[BioC] retrieving mRNA sequences via biomaRt
Steffen at stat.Berkeley.EDU
Steffen at stat.Berkeley.EDU
Thu Aug 6 19:33:37 CEST 2009
Hi Simon,
The cdna attribute is the combination of 5utr + coding + 3utr so you can
remove 5utr, coding and 3utr from your list of attributes to retrieve.

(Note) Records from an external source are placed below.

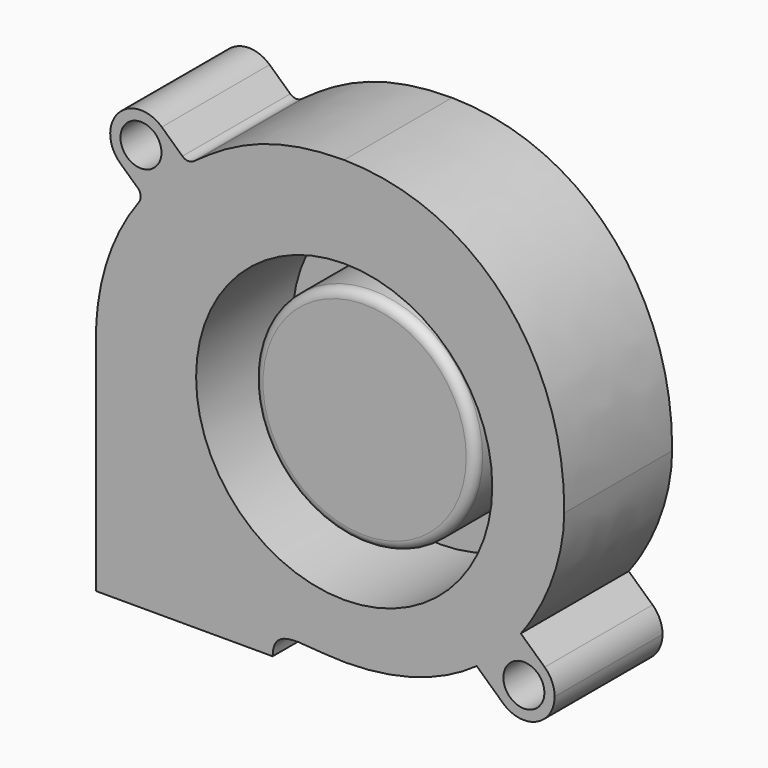
from build123d import *

# Parameters (mm, degrees)
F0_R     = 2.25
F1_DEPTH = 14.8
F0_R_2   = 12.15
F2_DEPTH = 1.6
F3_DEPTH = 12
F4_R     = 1
F5_W     = 17.4
F5_H     = 12.06
F6_DEPTH = 5


with BuildPart() as f1:
    # F0 (on Front) → F1 (new body)
    with BuildSketch(Plane.XZ):
        with BuildLine():
            Line((-27.25, 0), (-27.25, -24.25))
            Line((-27.25, -24.25), (-7.85, -24.25))
            add(Edge.make_bspline(
                [(-7.85, -24.25), (-7.8176427633, -20.8169110119), (-4.3375464156, -22.25), (0, -22.25)],
                knots=[0, 0, 0, 0, 8.1007715682, 8.1007715682, 8.1007715682, 8.1007715682], degree=3))
            add(Edge.make_bspline(
                [(14.5437740109, -17.909216005), (10.9068056005, -20.5097986935), (6.122203429, -22.25), (0, -22.25)],
                knots=[21.4185998801, 21.4185998801, 21.4185998801, 21.4185998801, 32.8372501894, 32.8372501894, 32.8372501894, 32.8372501894], degree=3))
            add(Edge.make_bspline(
                [(19.3821703567, -13.1875596661), (18.0720576154, -14.9154903789), (16.4686462302, -16.5328528348), (14.5437740109, -17.909216005)],
                knots=[15.3752582058, 15.3752582058, 15.3752582058, 15.3752582058, 21.4185998801, 21.4185998801, 21.4185998801, 21.4185998801], degree=3))
            add(Edge.make_bspline(
                [(24.15, 0), (24.15, -3.6795945823), (22.7153133033, -8.7914188713), (19.3821703567, -13.1875596661)],
                knots=[0, 0, 0, 0, 15.3752582058, 15.3752582058, 15.3752582058, 15.3752582058], degree=3))
            add(Edge.make_bspline(
                [(24.15, 0), (24.2929216474, 14.3250608817), (14.8955499753, 26.0717794299), (0, 26.25)],
                knots=[0, 0, 0, 0, 35.6691042781, 35.6691042781, 35.6691042781, 35.6691042781], degree=3))
            add(Edge.make_bspline(
                [(0, 26.25), (-5.135877891, 26.2629323961), (-11.114542158, 24.5071482084), (-16.161044046, 21.0100500089)],
                knots=[0, 0, 0, 0, 16.8847295513, 16.8847295513, 16.8847295513, 16.8847295513], degree=3))
            add(Edge.make_bspline(
                [(-16.161044046, 21.0100500089), (-16.2712231538, 20.9311478534), (-16.3801314978, 20.8526765927), (-16.487850408, 20.7747483814)],
                knots=[16.497992714, 16.497992714, 16.497992714, 16.497992714, 17.0339105302, 17.0339105302, 17.0339105302, 17.0339105302], degree=3))
            add(Edge.make_bspline(
                [(-16.487850408, 20.7747483814), (-16.7124834128, 20.6122397909), (-16.9319438817, 20.4520927797), (-17.1469693705, 20.2953244431)],
                knots=[17.0339105302, 17.0339105302, 17.0339105302, 17.0339105302, 18.1514935909, 18.1514935909, 18.1514935909, 18.1514935909], degree=3))
            add(Edge.make_bspline(
                [(-17.1469693705, 20.2953244431), (-19.1547308604, 18.7732329399), (-20.9874640515, 16.9609662016), (-22.5242380569, 14.8603912213)],
                knots=[17.9984458903, 17.9984458903, 17.9984458903, 17.9984458903, 24.8946681266, 24.8946681266, 24.8946681266, 24.8946681266], degree=3))
            add(Edge.make_bspline(
                [(-22.5242380569, 14.8603912213), (-25.4083045723, 10.9182384112), (-27.25, 5.9606612107), (-27.25, 0)],
                knots=[24.8946681266, 24.8946681266, 24.8946681266, 24.8946681266, 37.836820691, 37.836820691, 37.836820691, 37.836820691], degree=3))
        make_face()
        with BuildLine():
            ThreePointArc((16.25, 0), (-11.4904851943, -11.4904851943), (0, 16.25))
            ThreePointArc((0, 16.25), (11.4904851943, 11.4904851943), (16.25, 0))
        make_face(mode=Mode.SUBTRACT)
        with BuildLine():
            ThreePointArc((-22.6556099396, 16.1880189983), (-22.3361709954, 15.5493145647), (-22.5242380569, 14.8603912213))
            add(Edge.make_bspline(
                [(-17.1469693705, 20.2953244431), (-19.1547308604, 18.7732329399), (-20.9874640515, 16.9609662016), (-22.5242380569, 14.8603912213)],
                knots=[17.9984458903, 17.9984458903, 17.9984458903, 17.9984458903, 24.8946681266, 24.8946681266, 24.8946681266, 24.8946681266], degree=3))
            add(Edge.make_bspline(
                [(-16.5707430692, 20.7208158925), (-16.7643258601, 20.5815997135), (-16.9564357443, 20.4397686985), (-17.1469693705, 20.2953244431)],
                knots=[17.3440044956, 17.3440044956, 17.3440044956, 17.3440044956, 17.9984458903, 17.9984458903, 17.9984458903, 17.9984458903], degree=3))
            ThreePointArc((-16.5707430692, 20.7208158925), (-17.1810656026, 20.5907080667), (-17.7496903525, 20.8477830266))
            Line((-17.7496903525, 20.8477830266), (-20.0190790788, 22.927921795))
            ThreePointArc((-20.0190790788, 22.927921795), (-19.2102914227, 21.7989913577), (-18.924569733, 20.439953271))
            ThreePointArc((-18.924569733, 20.439953271), (-20.9405316464, 17.3506749607), (-24.5800603872, 17.9519847471))
            Line((-24.5800603872, 17.9519847471), (-22.6556099396, 16.1880189983))
        make_face()
        with BuildLine():
            add(Edge.make_bspline(
                [(19.3821703567, -13.1875596661), (18.0720576154, -14.9154903789), (16.4686462302, -16.5328528348), (14.5437740109, -17.909216005)],
                knots=[15.3752582058, 15.3752582058, 15.3752582058, 15.3752582058, 21.4185998801, 21.4185998801, 21.4185998801, 21.4185998801], degree=3))
            Line((14.5437740109, -17.909216005), (17.4389635725, -20.5629685239))
            ThreePointArc((17.4389635725, -20.5629685239), (17.2314857028, -15.7945093458), (21.9999448809, -15.5870314761))
            Line((21.9999448809, -15.5870314761), (19.3821703567, -13.1875596661))
        make_face()
        with BuildLine():
            add(Edge.make_bspline(
                [(-16.5707430692, 20.7208158925), (-16.7643258601, 20.5815997135), (-16.9564357443, 20.4397686985), (-17.1469693705, 20.2953244431)],
                knots=[17.3440044956, 17.3440044956, 17.3440044956, 17.3440044956, 17.9984458903, 17.9984458903, 17.9984458903, 17.9984458903], degree=3))
            add(Edge.make_bspline(
                [(-16.487850408, 20.7747483814), (-16.7124834128, 20.6122397909), (-16.9319438817, 20.4520927797), (-17.1469693705, 20.2953244431)],
                knots=[17.0339105302, 17.0339105302, 17.0339105302, 17.0339105302, 18.1514935909, 18.1514935909, 18.1514935909, 18.1514935909], degree=3))
            ThreePointArc((-16.487850408, 20.7747483814), (-16.5286296346, 20.7467568176), (-16.5707430692, 20.7208158925))
        make_face()
        with BuildLine():
            ThreePointArc((21.9999448809, -15.5870314761), (17.2314857028, -15.7945093458), (17.4389635725, -20.5629685239))
            ThreePointArc((17.4389635725, -20.5629685239), (21.0784923134, -21.1642783104), (23.0944542267, -18.075))
            ThreePointArc((23.0944542267, -18.075), (22.8087325371, -16.7159619133), (21.9999448809, -15.5870314761))
        make_face()
        with Locations((19.7194542267, -18.075)):
            Circle(F0_R, mode=Mode.SUBTRACT)
        with BuildLine():
            ThreePointArc((-20.0190790788, 22.927921795), (-24.787538257, 22.7204439252), (-24.5800603872, 17.9519847471))
            ThreePointArc((-24.5800603872, 17.9519847471), (-20.9405316464, 17.3506749607), (-18.924569733, 20.439953271))
            ThreePointArc((-18.924569733, 20.439953271), (-19.2102914227, 21.7989913577), (-20.0190790788, 22.927921795))
        make_face()
        with Locations((-22.299569733, 20.439953271)):
            Circle(F0_R, mode=Mode.SUBTRACT)
        with BuildLine():
            add(Edge.make_bspline(
                [(0, 26.25), (-8.1731251983, 26.2763401513), (-12.7692289915, 23.4390179358), (-16.161044046, 21.0100500089)],
                knots=[0, 0, 0, 0, 16.497992714, 16.497992714, 16.497992714, 16.497992714], degree=3))
            add(Edge.make_bspline(
                [(0, 26.25), (-5.135877891, 26.2629323961), (-11.114542158, 24.5071482084), (-16.161044046, 21.0100500089)],
                knots=[0, 0, 0, 0, 16.8847295513, 16.8847295513, 16.8847295513, 16.8847295513], degree=3))
        make_face()
    extrude(amount=F1_DEPTH)

    # F0 (on Front) → F2 (join)
    with BuildSketch(Plane.XZ):
        with BuildLine():
            Line((-27.25, 0), (-27.25, -24.25))
            Line((-27.25, -24.25), (-7.85, -24.25))
            add(Edge.make_bspline(
                [(-7.85, -24.25), (-7.8176427633, -20.8169110119), (-4.3375464156, -22.25), (0, -22.25)],
                knots=[0, 0, 0, 0, 8.1007715682, 8.1007715682, 8.1007715682, 8.1007715682], degree=3))
            add(Edge.make_bspline(
                [(14.5437740109, -17.909216005), (10.9068056005, -20.5097986935), (6.122203429, -22.25), (0, -22.25)],
                knots=[21.4185998801, 21.4185998801, 21.4185998801, 21.4185998801, 32.8372501894, 32.8372501894, 32.8372501894, 32.8372501894], degree=3))
            add(Edge.make_bspline(
                [(19.3821703567, -13.1875596661), (18.0720576154, -14.9154903789), (16.4686462302, -16.5328528348), (14.5437740109, -17.909216005)],
                knots=[15.3752582058, 15.3752582058, 15.3752582058, 15.3752582058, 21.4185998801, 21.4185998801, 21.4185998801, 21.4185998801], degree=3))
            add(Edge.make_bspline(
                [(24.15, 0), (24.15, -3.6795945823), (22.7153133033, -8.7914188713), (19.3821703567, -13.1875596661)],
                knots=[0, 0, 0, 0, 15.3752582058, 15.3752582058, 15.3752582058, 15.3752582058], degree=3))
            add(Edge.make_bspline(
                [(24.15, 0), (24.2929216474, 14.3250608817), (14.8955499753, 26.0717794299), (0, 26.25)],
                knots=[0, 0, 0, 0, 35.6691042781, 35.6691042781, 35.6691042781, 35.6691042781], degree=3))
            add(Edge.make_bspline(
                [(0, 26.25), (-5.135877891, 26.2629323961), (-11.114542158, 24.5071482084), (-16.161044046, 21.0100500089)],
                knots=[0, 0, 0, 0, 16.8847295513, 16.8847295513, 16.8847295513, 16.8847295513], degree=3))
            add(Edge.make_bspline(
                [(-16.161044046, 21.0100500089), (-16.2712231538, 20.9311478534), (-16.3801314978, 20.8526765927), (-16.487850408, 20.7747483814)],
                knots=[16.497992714, 16.497992714, 16.497992714, 16.497992714, 17.0339105302, 17.0339105302, 17.0339105302, 17.0339105302], degree=3))
            add(Edge.make_bspline(
                [(-16.487850408, 20.7747483814), (-16.7124834128, 20.6122397909), (-16.9319438817, 20.4520927797), (-17.1469693705, 20.2953244431)],
                knots=[17.0339105302, 17.0339105302, 17.0339105302, 17.0339105302, 18.1514935909, 18.1514935909, 18.1514935909, 18.1514935909], degree=3))
            add(Edge.make_bspline(
                [(-17.1469693705, 20.2953244431), (-19.1547308604, 18.7732329399), (-20.9874640515, 16.9609662016), (-22.5242380569, 14.8603912213)],
                knots=[17.9984458903, 17.9984458903, 17.9984458903, 17.9984458903, 24.8946681266, 24.8946681266, 24.8946681266, 24.8946681266], degree=3))
            add(Edge.make_bspline(
                [(-22.5242380569, 14.8603912213), (-25.4083045723, 10.9182384112), (-27.25, 5.9606612107), (-27.25, 0)],
                knots=[24.8946681266, 24.8946681266, 24.8946681266, 24.8946681266, 37.836820691, 37.836820691, 37.836820691, 37.836820691], degree=3))
        make_face()
        with BuildLine():
            ThreePointArc((16.25, 0), (-11.4904851943, -11.4904851943), (0, 16.25))
            ThreePointArc((0, 16.25), (11.4904851943, 11.4904851943), (16.25, 0))
        make_face(mode=Mode.SUBTRACT)
        with BuildLine():
            ThreePointArc((16.25, 0), (11.4904851943, 11.4904851943), (0, 16.25))
            ThreePointArc((0, 16.25), (-11.4904851943, -11.4904851943), (16.25, 0))
        make_face()
        Circle(F0_R_2, mode=Mode.SUBTRACT)
        Circle(F0_R_2)
        with BuildLine():
            ThreePointArc((-20.0190790788, 22.927921795), (-24.787538257, 22.7204439252), (-24.5800603872, 17.9519847471))
            ThreePointArc((-24.5800603872, 17.9519847471), (-20.9405316464, 17.3506749607), (-18.924569733, 20.439953271))
            ThreePointArc((-18.924569733, 20.439953271), (-19.2102914227, 21.7989913577), (-20.0190790788, 22.927921795))
        make_face()
        with Locations((-22.299569733, 20.439953271)):
            Circle(F0_R, mode=Mode.SUBTRACT)
        with BuildLine():
            ThreePointArc((21.9999448809, -15.5870314761), (17.2314857028, -15.7945093458), (17.4389635725, -20.5629685239))
            ThreePointArc((17.4389635725, -20.5629685239), (21.0784923134, -21.1642783104), (23.0944542267, -18.075))
            ThreePointArc((23.0944542267, -18.075), (22.8087325371, -16.7159619133), (21.9999448809, -15.5870314761))
        make_face()
        with Locations((19.7194542267, -18.075)):
            Circle(F0_R, mode=Mode.SUBTRACT)
        with BuildLine():
            add(Edge.make_bspline(
                [(19.3821703567, -13.1875596661), (18.0720576154, -14.9154903789), (16.4686462302, -16.5328528348), (14.5437740109, -17.909216005)],
                knots=[15.3752582058, 15.3752582058, 15.3752582058, 15.3752582058, 21.4185998801, 21.4185998801, 21.4185998801, 21.4185998801], degree=3))
            Line((14.5437740109, -17.909216005), (17.4389635725, -20.5629685239))
            ThreePointArc((17.4389635725, -20.5629685239), (17.2314857028, -15.7945093458), (21.9999448809, -15.5870314761))
            Line((21.9999448809, -15.5870314761), (19.3821703567, -13.1875596661))
        make_face()
    extrude(amount=F2_DEPTH)

    # F0 (on Front) → F3 (join)
    with BuildSketch(Plane.XZ):
        Circle(F0_R_2)
    extrude(amount=F3_DEPTH)

    # F4
    f4_edges = [f1.edges().sort_by_distance(p)[0] for p in [
        (-12.15, -12, 0),
    ]]
    fillet(f4_edges, radius=F4_R)

    # F5 (on face) → F6 (cut)
    with BuildSketch(Plane(origin=(0, 0, -24.25), x_dir=(1, 0, 0), z_dir=(0, 0, -1))):
        with Locations((-17.55, 7.63)):
            Rectangle(F5_W, F5_H)
    extrude(amount=-F6_DEPTH, mode=Mode.SUBTRACT)


solid = f1.part

I
would take ensembl_transcript_id instead of embl.
Cheers,
Steffen
> Thanks, for the recommendation.
>
> So far, I just read Steffen's and your biomaRt users guide and had a
> look at the BioMart 0.7 Documentation, since I needed quick results.
> I'm going to have a look at the recommended book and paper, now.
>
>
> In the meantime, I got to a solution - but not a very satisfying one:
>
> ensembl = useDataset("hsapiens_gene_ensembl", mart=ensembl)
>
> myAttributes = c("embl", "cdna", "5utr", "coding", "3utr", "5_utr_end",
> "3_utr_start", "sequence_cdna_length","cds_length")
>
> ...
>
> qresult = getBM(attributes=myAttributes,
> filters=...,
> values=...,
> mart=ensembl)
>
> finalResult = mySeqCdsLengthFilter(qresult, c(3000, 5000), c(2000, 3000))
>
> For now, I parse my query results manually, using
> the values for "sequence_cdna_length" and "cds_length" as limits.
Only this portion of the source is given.